Improve - Theory of Constraints

 
Keg LIne

Zero Carbon Engineering were first involved in 1996 with "Theory of Constraints" when looking at both whole site operations and also at looking at improving the effectiveness of individual production lines.  Its use is very effective in identifying how to remove waste and make optimise the performance of a process. 

The theory of constraints (TOC) is an overall management philosophy introduced by Eliyahu M. Goldratt in his 1984 book titled "The Goal", that is geared to help organizations analyse and drive improvement. 

The underlying premise of the theory of constraints is that any organisation or process can be measured and controlled by variations on three measures: throughput, operational expense, and inventory.

Inventory is all the money that the system has invested in purchasing things which it intends to sell. Operational expense is all the money the system spends in order to turn inventory into throughput. Throughput is the rate at which the system generates money through sales.

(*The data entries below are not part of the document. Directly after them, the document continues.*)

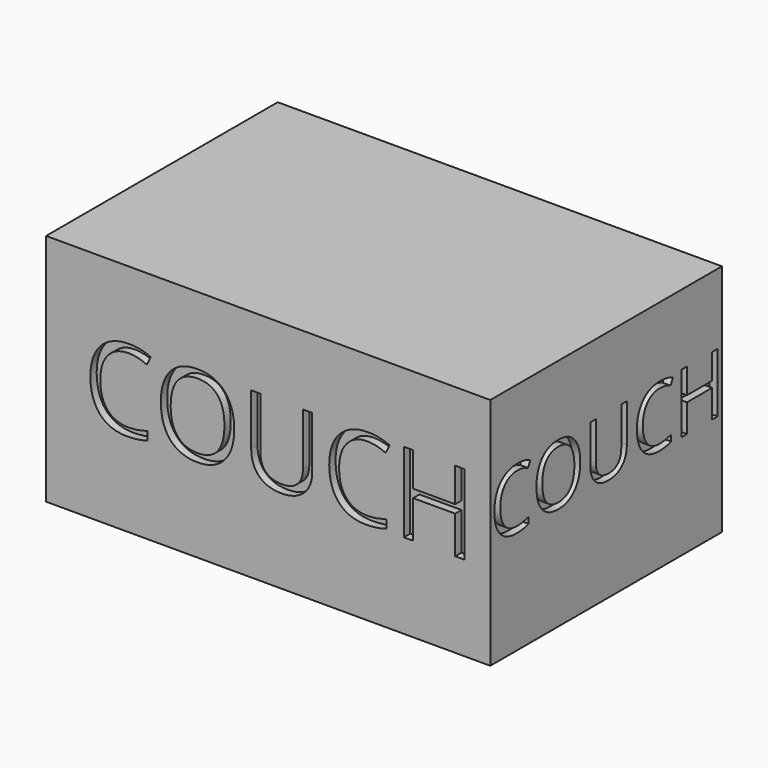
from build123d import *

# Parameters (mm, degrees)
F0_W         = 1422.4
F0_H         = 749.3
F1_DEPTH     = 463.55
F2_TEXT_SIZE = 357.810407877
F3_DEPTH     = 25.4
F4_TEXT_SIZE = 266.899374747
F5_DEPTH     = 25.4


# Not quite as in the source:
# - Text() gives the source's letters only with a copy of the font that has no kerning and outlines rounded to 1/6400 em; it was checked with that copy


with BuildPart() as f1:
    # F0 (on Front) → F1 (new body, symmetric)
    with BuildSketch(Plane.XZ):
        Rectangle(F0_W, F0_H)
    extrude(amount=F1_DEPTH, both=True)

    # F2 (on face) → F3 (cut)
    with BuildSketch(Plane.XZ.offset(463.55)):
        with Locations((-591.3030207157, -102.4772971869)):
            Text('COUCH', F2_TEXT_SIZE, font='Open Sans', text_align=(TextAlign.LEFT, TextAlign.BOTTOM))
    extrude(amount=-F3_DEPTH, mode=Mode.SUBTRACT)

    # F4 (on face) → F5 (cut)
    with BuildSketch(Plane.YZ.offset(711.2)):
        with Locations((-463.55, -41.5027735926)):
            Text('COUCH', F4_TEXT_SIZE, font='Open Sans', text_align=(TextAlign.LEFT, TextAlign.BOTTOM))
    extrude(amount=-F5_DEPTH, mode=Mode.SUBTRACT)


solid = f1.part
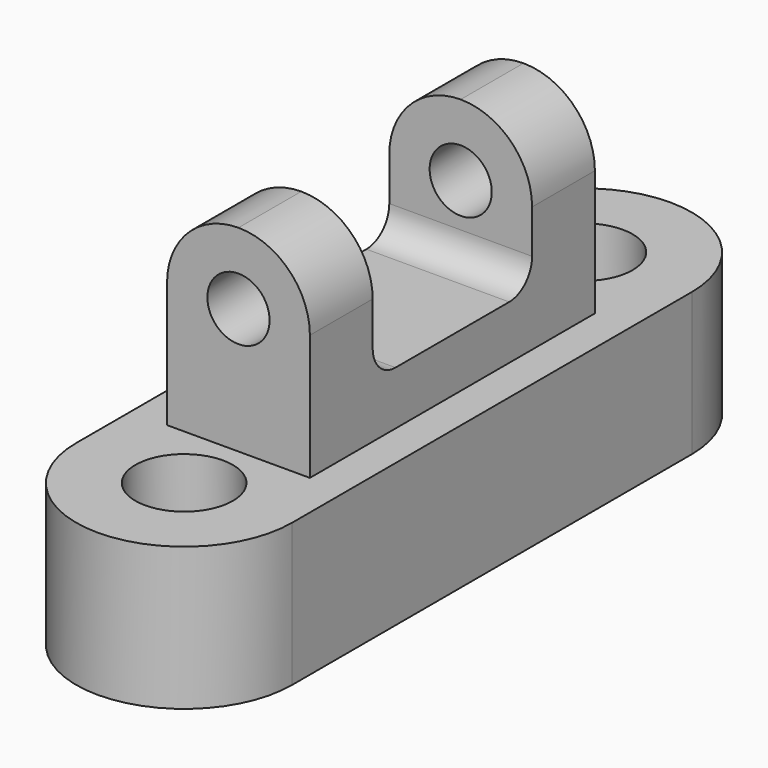
from build123d import *

# Parameters (mm, degrees)
F0_R      = 8.6637425689
F1_DEPTH  = 25.4
F3_DEPTH  = 12.7
F4_R      = 5.08
F5_R      = 5.08
F6_R      = 12.7
F7_R      = 12.69999
F8_R      = 12.7
F9_R      = 12.69999
F10_R     = 5.5257991494
F11_DEPTH = 25.4
F12_R     = 5.5331253453
F13_DEPTH = 25.4


# Not quite as in the source:
# - a fillet or chamfer is up to 0.001 mm smaller than in the source, because OpenCascade refuses the exact size


with BuildPart() as f1:
    # F0 (on Top) → F1 (new body)
    with BuildSketch(Plane.XY):
        with BuildLine():
            ThreePointArc((19.1970299929, 44.4350838661), (0, 63.6321138591), (-19.1970299929, 44.4350838661))
            Line((-19.1970299929, 44.4350838661), (-19.1970299929, -44.4350838661))
            ThreePointArc((-19.1970299929, -44.4350838661), (0, -63.6321138591), (19.1970299929, -44.4350838661))
            Line((19.1970299929, -44.4350838661), (19.1970299929, 44.4350838661))
        make_face()
        with Locations((0, -44.4350838661)):
            Circle(F0_R, mode=Mode.SUBTRACT)
        with Locations((0, 44.4350838661)):
            Circle(F0_R, mode=Mode.SUBTRACT)
    extrude(amount=-F1_DEPTH)

    # F2 (on Right) → F3 (join, symmetric)
    with BuildSketch(Plane.YZ):
        Polygon((-32.3530361056, 35.0379385054), (-32.3530361056, 0), (31.0105849057, 0), (31.0105849057, 35.0379385054), (17.0491095632, 35.0379385054), (17.0491095632, 9.5313927159), (-18.3915607631, 9.5313927159), (-18.3915607631, 35.0379385054), align=None)
    extrude(amount=F3_DEPTH, both=True)

    # F4
    f4_edges = [f1.edges().sort_by_distance(p)[0] for p in [
        (0, -18.391561, 9.531393),
    ]]
    fillet(f4_edges, radius=F4_R)

    # F5
    f5_edges = [f1.edges().sort_by_distance(p)[0] for p in [
        (0, 17.04911, 9.531393),
    ]]
    fillet(f5_edges, radius=F5_R)

    # F6
    f6_edges = [f1.edges().sort_by_distance(p)[0] for p in [
        (12.7, -25.372298, 35.037939),
    ]]
    fillet(f6_edges, radius=F6_R)

    # F7 (radius 12.7 in the source; OpenCascade refuses exactly that, so slightly less here)
    f7_edges = [f1.edges().sort_by_distance(p)[0] for p in [
        (-12.7, -25.372298, 35.037939),
    ]]
    fillet(f7_edges, radius=F7_R)

    # F8
    f8_edges = [f1.edges().sort_by_distance(p)[0] for p in [
        (12.7, 24.029847, 35.037939),
    ]]
    fillet(f8_edges, radius=F8_R)

    # F9 (radius 12.7 in the source; OpenCascade refuses exactly that, so slightly less here)
    f9_edges = [f1.edges().sort_by_distance(p)[0] for p in [
        (-12.7, 24.029847, 35.037939),
    ]]
    fillet(f9_edges, radius=F9_R)

    # F10 (on face) → F11 (cut)
    with BuildSketch(Plane(origin=(0, 31.0105849057, 0), x_dir=(-1, 0, 0), z_dir=(0, 1, 0))):
        with Locations((0, 22.3379385054)):
            Circle(F10_R)
    extrude(amount=-F11_DEPTH, mode=Mode.SUBTRACT)

    # F12 (on face) → F13 (cut)
    with BuildSketch(Plane.XZ.offset(32.3530361056)):
        with Locations((0, 22.3379385054)):
            Circle(F12_R)
    extrude(amount=-F13_DEPTH, mode=Mode.SUBTRACT)


solid = f1.part

In the example above a beer keg filling line, the DMAIC issue defined was "can we get more output".  Each stage of the process was clocked by stop-watch and any stoppages plus cause noted.  The line was nominally specified as 1,000 beer kegs per hour, but the trials identified that with the balancing of machines speeds, the throughput speed could be increased by 8% without any impact on product quality. 

Downtime Report

The largest cause of downtime was damaged plastic locator boards - and a process was put in place to filter out damaged boards before they got to the automated plant.
 
There was nowhere for the operators to base themselves, so to keep them comfortably near to the line, a glazed control station with SCADA, a phone, kettle/coffee was built at the centre of the line. 
This improved reaction time to any incidents - reducing downtime.

The issues with the palletiser was caused by damaged pallets and again these were removed before they got to the automated plant. 

The issue with the labeller was shown to be a timing problem and a standard operating procedure was produced so that the problem did not arise. 

Line Peformance

The table right shows the results over a ten month period. Performance on locator boards increased by 14% and was maintained. A trial to removed damaged returnable pallets increased productivity by 40% and got close to locator boards.

Unfortunately the supplier of returnable pallets was unable to maintain quality and the output dropped down to a lower but still improved level. 
Idle time (the time when production was complete and the line was not used) increased significantly.  This time was then used for training and further improvement activity.


The underlying principles behind this can be applied to any manufacturing process line and also to may other business processes.